# Hypothesis Testing - Pricing

Author: Dan E

Date: 2023-07-10

Description: This will test different pricing features and the impact on model performance. The following features will be tried and compared to the baseline model.

* Average Price
* Average Super Peak Price
* Price Variance
* Average Super Peak & Price Variance

The testing will be done on a single 80:20 split.

Remark: This is an older version of the model and data than is currently under development.

## Imports

In [1]:
import pandas as pd
import numpy as np
import plotly.express as px
import platform
from sqlalchemy.engine import URL
from sqlalchemy import create_engine, text
from sklearn.model_selection import train_test_split
import seaborn as sns
from matplotlib import pyplot as plt
from tqdm.notebook import tqdm
import statsmodels.formula.api as smf
import statsmodels.api as sm

In [2]:
def fetch_SQLserver_data(sql_code,conn_string):
	"""
	Uses pyodbc.connect and pandas.read_sql to return query results as dataframe.
	:param sql_code: string, query to be submitted
	:param conn_string: string, full connection details as string
	"""
	connection_url = URL.create("mssql+pyodbc", query={"odbc_connect": conn_string})
	engine = create_engine(connection_url)
	with engine.connect() as conn:
		df = pd.read_sql(sql=text(sql_code), con=conn)
		conn.commit()
	return df

if platform.system() == 'Windows':
	conn_CDM = 'DRIVER={ODBC Driver 17 for SQL Server};SERVER=BI-DATA-PROD-02;DATABASE=CDM;trusted_connection=Yes'
	conn_l0 = 'DRIVER={ODBC Driver 17 for SQL Server};SERVER=BI-DATA-PROD-02;DATABASE=Sykes_DW_Level0_Staging;trusted_connection=Yes'
	conn_l2 = 'DRIVER={ODBC Driver 17 for SQL Server};SERVER=BI-DATA-PROD-02;DATABASE=Sykes_DW_Level2_ADM;trusted_connection=Yes'
	conn_BOX = 'DRIVER={ODBC Driver 17 for SQL Server};SERVER=BI-DATA-PROD-02;DATABASE=Box;trusted_connection=Yes'

In [3]:
def get_query(_file):
	query_file = open(_file,'r')
	query = query_file.read()
	query_file.close()
	return query

## Data

### Pricing

In [4]:
PRICING_SQL = get_query('data/pricing_features_raw_dev.sql')

PRICING_SQL = PRICING_SQL.replace('?startdate', '2022-03-12')
PRICING_SQL = PRICING_SQL.replace('?enddate', '2023-03-11')

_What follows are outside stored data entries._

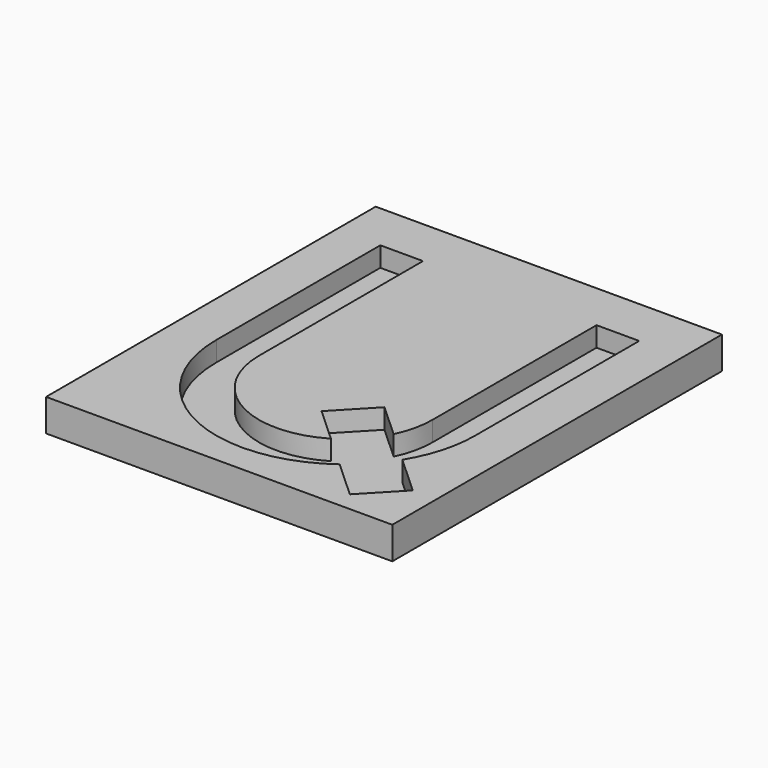
from build123d import *

# Parameters (mm, degrees)
F0_W     = 139.677039
F0_H     = 166.199392
F1_DEPTH = 13
F3_DEPTH = 8


# Not quite as in the source:
# - ends of sketch curves that miss each other by under 0.0002 mm in the source are joined


with BuildPart() as f1:
    # F0 (on Top) → F1 (new body)
    with BuildSketch(Plane.XY):
        with Locations((5e-07, 0)):
            Rectangle(F0_W, F0_H)
    extrude(amount=F1_DEPTH)

    # F2 (on face) → F3 (cut)
    with BuildSketch(Plane.XY.offset(13)):
        with BuildLine():
            Line((-52.224, 63.413361), (-52.224, -19.296639))
            ThreePointArc((-52.224, -19.296639), (-23.4870244983, -65.9411012245), (31.0980686358, -61.2520475086))
            Line((31.0980686358, -61.2520475086), (46.412829, -75.243303))
            Line((46.412829, -75.243303), (60.220039, -60.767602))
            Line((60.220039, -60.767602), (44.587774, -46.486281))
            ThreePointArc((44.587774, -46.486281), (50.2787135157, -33.4174443314), (52.224, -19.296639))
            Line((52.224, -19.296639), (52.224, 63.413361))
            Line((52.224, 63.413361), (35, 63.413361))
            Line((35, 63.413361), (35, -19.296639))
            ThreePointArc((35, -19.296639), (34.1157796878, -27.1141562719), (31.5077956402, -34.536678826))
            Line((31.5077956402, -34.536678826), (17.818477, -22.030395))
            Line((17.818477, -22.030395), (4.000974, -36.496692))
            Line((4.000974, -36.496692), (18.018091, -49.302445))
            ThreePointArc((18.018091, -49.302445), (-17.2390082984, -49.756720958), (-35, -19.296639))
            Line((-35, -19.296639), (-35, 63.413361))
            Line((-35, 63.413361), (-52.224, 63.413361))
        make_face()
    extrude(amount=-F3_DEPTH, mode=Mode.SUBTRACT)


solid = f1.part
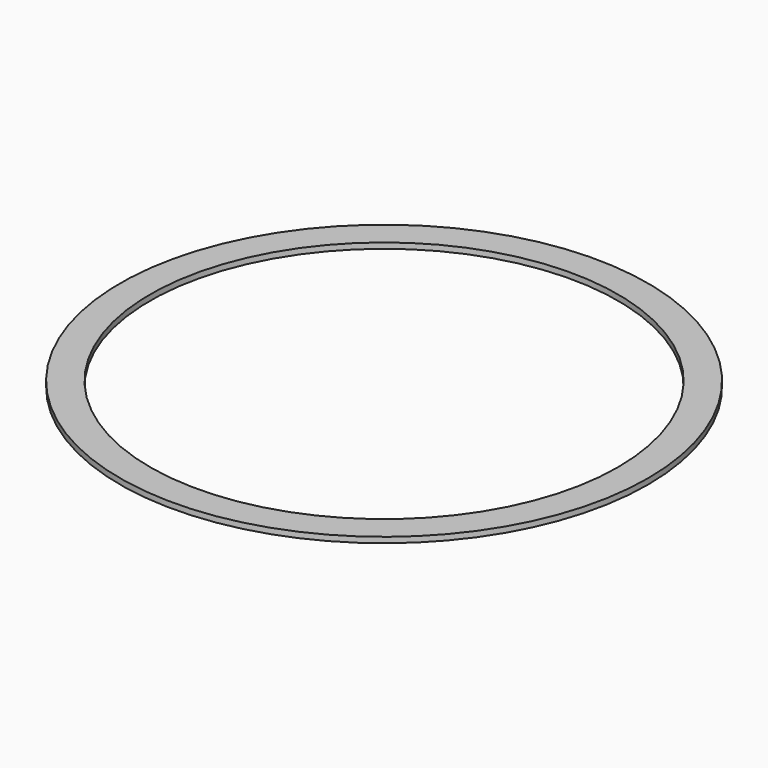
from build123d import *

# Parameters (mm, degrees)
F0_R     = 223.52508
F0_R_2   = 198.12508
F1_DEPTH = 4.7625


# Not quite as in the source:
# - a length typed as a fraction of an inch, garbled in the dataset ("3 / 203.2 mm" for 3/8 in), is restored


with BuildPart() as f1:
    # F0 (on Top) → F1 (new body)
    with BuildSketch(Plane.XY):
        Circle(F0_R)
        Circle(F0_R_2, mode=Mode.SUBTRACT)
    extrude(amount=F1_DEPTH)


solid = f1.part

pricing_data = fetch_SQLserver_data(PRICING_SQL, conn_CDM)

### Revenue

In [5]:
revenue_data  = pd.read_csv('data/test_v3_nrp_2023_03_16.csv')

### Property Features

In [6]:
SQL_PROPERY_FEATURES = get_query('data/cdm_features_query.sql')

SQL_PROPERY_FEATURES  = SQL_PROPERY_FEATURES.replace('?', '2022-03-12')

property_data = fetch_SQLserver_data(SQL_PROPERY_FEATURES, conn_CDM)

### Owner Occupancy

### Current Model Datasets

In [7]:
train_0 = pd.read_csv('cv-0-train-data-1.csv')
test_0 = pd.read_csv('cv-0-test-data-2.csv')

train_1 = pd.read_csv('cv-1-train-data-1.csv')
test_1 = pd.read_csv('cv-1-test-data-2.csv')

train_2 = pd.read_csv('cv-2-train-data-1.csv')
test_2 = pd.read_csv('cv-2-test-data-2.csv')

train_3 = pd.read_csv('cv-3-train-data-1.csv')
test_3 = pd.read_csv('cv-3-test-data-2.csv')

train_4 = pd.read_csv('cv-4-train-data-1.csv')
test_4 = pd.read_csv('cv-4-test-data-2.csv')

In [8]:
other_0 = pd.read_csv('cv-0-test-data-1.csv')
other_1 = pd.read_csv('cv-1-test-data-1.csv')
other_2 = pd.read_csv('cv-2-test-data-1.csv')
other_3 = pd.read_csv('cv-3-test-data-1.csv')
other_4 = pd.read_csv('cv-4-test-data-1.csv')

## Create New Features

Start with calculating baseline CV model and evaluation of this model here. THe move onto using the new features to start testing the performance increase.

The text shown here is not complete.